Types of power outage

 

Power outages are categorized into three different phenomena, relating to the duration and effect of the outage:

A transient fault is a momentary (a few seconds) loss of power typically caused by a temporary fault on a power line. Power is automatically restored once the fault is cleared.

A brownout or sag is a drop in voltage in an electrical power supply. The term brownout comes from the dimming experienced by lighting when the voltage sags. Brownouts can cause poor performance of equipment or even incorrect operation.
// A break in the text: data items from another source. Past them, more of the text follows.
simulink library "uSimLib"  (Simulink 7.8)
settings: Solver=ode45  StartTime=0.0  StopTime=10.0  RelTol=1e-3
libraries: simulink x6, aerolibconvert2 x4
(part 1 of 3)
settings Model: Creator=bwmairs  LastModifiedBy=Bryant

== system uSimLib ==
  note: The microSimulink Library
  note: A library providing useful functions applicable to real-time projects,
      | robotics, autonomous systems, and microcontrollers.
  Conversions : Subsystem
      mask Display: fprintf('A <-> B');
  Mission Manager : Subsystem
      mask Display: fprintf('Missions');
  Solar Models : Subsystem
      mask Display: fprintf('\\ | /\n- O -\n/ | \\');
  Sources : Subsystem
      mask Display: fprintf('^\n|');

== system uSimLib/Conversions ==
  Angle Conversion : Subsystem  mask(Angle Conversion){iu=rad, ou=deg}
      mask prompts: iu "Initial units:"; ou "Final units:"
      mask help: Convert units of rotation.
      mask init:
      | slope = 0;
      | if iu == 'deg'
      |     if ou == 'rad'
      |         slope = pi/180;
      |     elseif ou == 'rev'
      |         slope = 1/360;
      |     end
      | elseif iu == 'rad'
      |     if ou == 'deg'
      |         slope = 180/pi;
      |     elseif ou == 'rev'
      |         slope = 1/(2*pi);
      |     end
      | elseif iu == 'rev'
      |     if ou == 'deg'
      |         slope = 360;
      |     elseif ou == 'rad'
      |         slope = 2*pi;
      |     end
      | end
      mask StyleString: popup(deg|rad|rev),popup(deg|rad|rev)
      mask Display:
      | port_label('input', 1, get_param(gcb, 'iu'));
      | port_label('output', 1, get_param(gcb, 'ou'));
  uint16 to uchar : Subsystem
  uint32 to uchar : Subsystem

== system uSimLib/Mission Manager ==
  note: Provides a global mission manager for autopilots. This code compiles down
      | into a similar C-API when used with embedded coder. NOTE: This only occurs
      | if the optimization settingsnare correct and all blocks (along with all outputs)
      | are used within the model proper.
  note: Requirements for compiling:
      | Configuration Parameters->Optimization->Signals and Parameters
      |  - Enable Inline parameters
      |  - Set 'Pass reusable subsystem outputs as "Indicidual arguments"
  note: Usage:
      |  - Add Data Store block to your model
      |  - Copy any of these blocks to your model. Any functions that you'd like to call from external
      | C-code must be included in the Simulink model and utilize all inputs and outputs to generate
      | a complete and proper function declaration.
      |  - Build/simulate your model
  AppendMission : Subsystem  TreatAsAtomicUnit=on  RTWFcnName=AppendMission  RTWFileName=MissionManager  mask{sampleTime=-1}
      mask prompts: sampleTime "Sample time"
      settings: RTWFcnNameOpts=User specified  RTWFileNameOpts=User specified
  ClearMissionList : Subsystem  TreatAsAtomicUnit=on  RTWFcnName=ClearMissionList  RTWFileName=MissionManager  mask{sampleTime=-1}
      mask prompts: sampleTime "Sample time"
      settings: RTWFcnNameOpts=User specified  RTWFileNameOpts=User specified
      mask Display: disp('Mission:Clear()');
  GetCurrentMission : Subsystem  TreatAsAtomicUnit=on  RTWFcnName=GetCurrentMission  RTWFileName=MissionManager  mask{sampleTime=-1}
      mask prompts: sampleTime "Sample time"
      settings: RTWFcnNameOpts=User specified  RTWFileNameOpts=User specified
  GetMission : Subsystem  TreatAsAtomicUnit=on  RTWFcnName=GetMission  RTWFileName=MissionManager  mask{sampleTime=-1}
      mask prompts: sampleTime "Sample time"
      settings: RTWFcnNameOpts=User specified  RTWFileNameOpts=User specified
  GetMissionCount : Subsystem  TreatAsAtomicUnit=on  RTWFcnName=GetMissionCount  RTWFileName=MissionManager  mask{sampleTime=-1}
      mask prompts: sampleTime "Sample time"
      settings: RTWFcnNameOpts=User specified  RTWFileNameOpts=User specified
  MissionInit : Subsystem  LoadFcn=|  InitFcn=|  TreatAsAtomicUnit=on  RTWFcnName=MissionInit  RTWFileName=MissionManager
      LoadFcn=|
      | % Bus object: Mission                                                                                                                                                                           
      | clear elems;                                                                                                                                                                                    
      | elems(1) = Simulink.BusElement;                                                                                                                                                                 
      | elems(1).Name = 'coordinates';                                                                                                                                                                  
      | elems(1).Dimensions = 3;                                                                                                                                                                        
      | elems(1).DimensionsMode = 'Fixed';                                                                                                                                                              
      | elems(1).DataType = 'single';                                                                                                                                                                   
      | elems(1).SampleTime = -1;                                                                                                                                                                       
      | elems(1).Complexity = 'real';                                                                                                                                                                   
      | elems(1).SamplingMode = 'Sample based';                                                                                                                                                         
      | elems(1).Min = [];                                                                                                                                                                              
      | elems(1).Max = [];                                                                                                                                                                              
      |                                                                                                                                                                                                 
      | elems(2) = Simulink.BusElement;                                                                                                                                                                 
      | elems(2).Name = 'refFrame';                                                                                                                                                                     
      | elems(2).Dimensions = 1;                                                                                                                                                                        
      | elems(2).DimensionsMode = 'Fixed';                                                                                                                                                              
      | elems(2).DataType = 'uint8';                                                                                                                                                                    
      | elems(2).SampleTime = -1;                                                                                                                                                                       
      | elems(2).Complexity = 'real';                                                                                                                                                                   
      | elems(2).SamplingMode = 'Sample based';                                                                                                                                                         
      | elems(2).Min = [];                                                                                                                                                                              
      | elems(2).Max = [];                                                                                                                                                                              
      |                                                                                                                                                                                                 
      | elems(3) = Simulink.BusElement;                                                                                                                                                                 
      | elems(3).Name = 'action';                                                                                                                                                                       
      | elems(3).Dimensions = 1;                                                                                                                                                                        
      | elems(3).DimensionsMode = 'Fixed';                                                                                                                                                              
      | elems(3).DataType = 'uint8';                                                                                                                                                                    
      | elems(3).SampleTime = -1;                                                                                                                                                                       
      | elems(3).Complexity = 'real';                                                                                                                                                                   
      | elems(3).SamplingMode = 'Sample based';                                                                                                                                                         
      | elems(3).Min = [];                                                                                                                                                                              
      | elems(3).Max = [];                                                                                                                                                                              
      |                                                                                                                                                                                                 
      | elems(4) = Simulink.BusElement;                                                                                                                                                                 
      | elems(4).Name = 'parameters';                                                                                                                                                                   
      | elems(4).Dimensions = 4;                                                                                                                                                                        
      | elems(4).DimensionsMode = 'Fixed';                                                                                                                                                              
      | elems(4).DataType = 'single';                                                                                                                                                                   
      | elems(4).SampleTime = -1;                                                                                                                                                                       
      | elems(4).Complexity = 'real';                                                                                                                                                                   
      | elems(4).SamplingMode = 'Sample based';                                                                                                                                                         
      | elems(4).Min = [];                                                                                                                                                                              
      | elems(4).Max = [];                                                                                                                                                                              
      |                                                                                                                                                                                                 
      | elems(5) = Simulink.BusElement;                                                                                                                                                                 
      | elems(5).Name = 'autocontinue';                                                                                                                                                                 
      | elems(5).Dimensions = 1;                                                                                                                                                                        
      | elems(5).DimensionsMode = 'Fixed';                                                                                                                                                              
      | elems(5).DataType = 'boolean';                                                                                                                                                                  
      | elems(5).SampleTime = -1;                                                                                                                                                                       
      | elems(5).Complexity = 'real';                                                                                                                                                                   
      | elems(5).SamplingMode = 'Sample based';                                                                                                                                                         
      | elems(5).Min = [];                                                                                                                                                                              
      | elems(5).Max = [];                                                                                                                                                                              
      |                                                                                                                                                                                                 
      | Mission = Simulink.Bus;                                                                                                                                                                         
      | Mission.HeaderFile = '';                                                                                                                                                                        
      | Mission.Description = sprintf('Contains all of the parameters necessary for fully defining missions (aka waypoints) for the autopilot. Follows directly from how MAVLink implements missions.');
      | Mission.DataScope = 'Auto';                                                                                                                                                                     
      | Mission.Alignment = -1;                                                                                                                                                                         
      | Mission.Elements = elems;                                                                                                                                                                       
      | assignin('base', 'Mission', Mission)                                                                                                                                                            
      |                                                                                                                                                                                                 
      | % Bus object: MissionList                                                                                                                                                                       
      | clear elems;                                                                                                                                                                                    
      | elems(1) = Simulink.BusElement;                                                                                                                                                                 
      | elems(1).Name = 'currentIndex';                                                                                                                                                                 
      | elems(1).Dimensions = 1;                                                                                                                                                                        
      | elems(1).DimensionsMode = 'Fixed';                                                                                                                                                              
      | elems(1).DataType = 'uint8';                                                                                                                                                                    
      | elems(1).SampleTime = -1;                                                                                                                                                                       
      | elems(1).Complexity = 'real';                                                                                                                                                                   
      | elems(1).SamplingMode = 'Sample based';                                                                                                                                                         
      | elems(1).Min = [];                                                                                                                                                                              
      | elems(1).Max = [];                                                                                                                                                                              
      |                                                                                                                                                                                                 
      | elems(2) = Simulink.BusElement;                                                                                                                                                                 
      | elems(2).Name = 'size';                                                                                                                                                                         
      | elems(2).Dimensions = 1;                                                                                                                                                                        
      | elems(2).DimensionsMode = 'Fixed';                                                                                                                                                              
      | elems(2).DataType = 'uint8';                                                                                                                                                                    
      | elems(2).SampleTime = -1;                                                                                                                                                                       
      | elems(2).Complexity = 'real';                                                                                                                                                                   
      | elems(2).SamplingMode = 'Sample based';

A blackout refers to the total loss of power to an area and is the most severe form of power outage that can occur. Blackouts which result from or result in power stations tripping are particularly difficult to recover from quickly. Outages may last from a few minutes to a few weeks depending on the nature of the blackout and the configuration of the electrical network.

 

Protecting the power system from outages

 

In power supply networks, the power generation and the electrical load (demand) must be very close to equal every second to avoid overloading of network components, which can severely damage them. Protective relays and fuses are used to automatically detect overloads and to disconnect circuits at risk of damage.

Under certain conditions, a network component shutting down can cause current fluctuations in neighboring segments of the network leading to a cascading failure of a larger section of the network. This may range from a building, to a block, to an entire city, to an entire electrical grid.

Modern power systems are designed to be resistant to this sort of cascading failure, but it may be unavoidable (see below). Moreover, since there is no short-term economic benefit to preventing rare large-scale failures, some observers[who?] have expressed concern that there is a tendency to erode the resilience of the network over time, which is only corrected after a major failure occurs. It has been claimed[who?] that reducing the likelihood of small outages only increases the likelihood of larger ones. In that case, the short-term economic benefit of keeping the individual customer happy increases the likelihood of large-scale blackouts.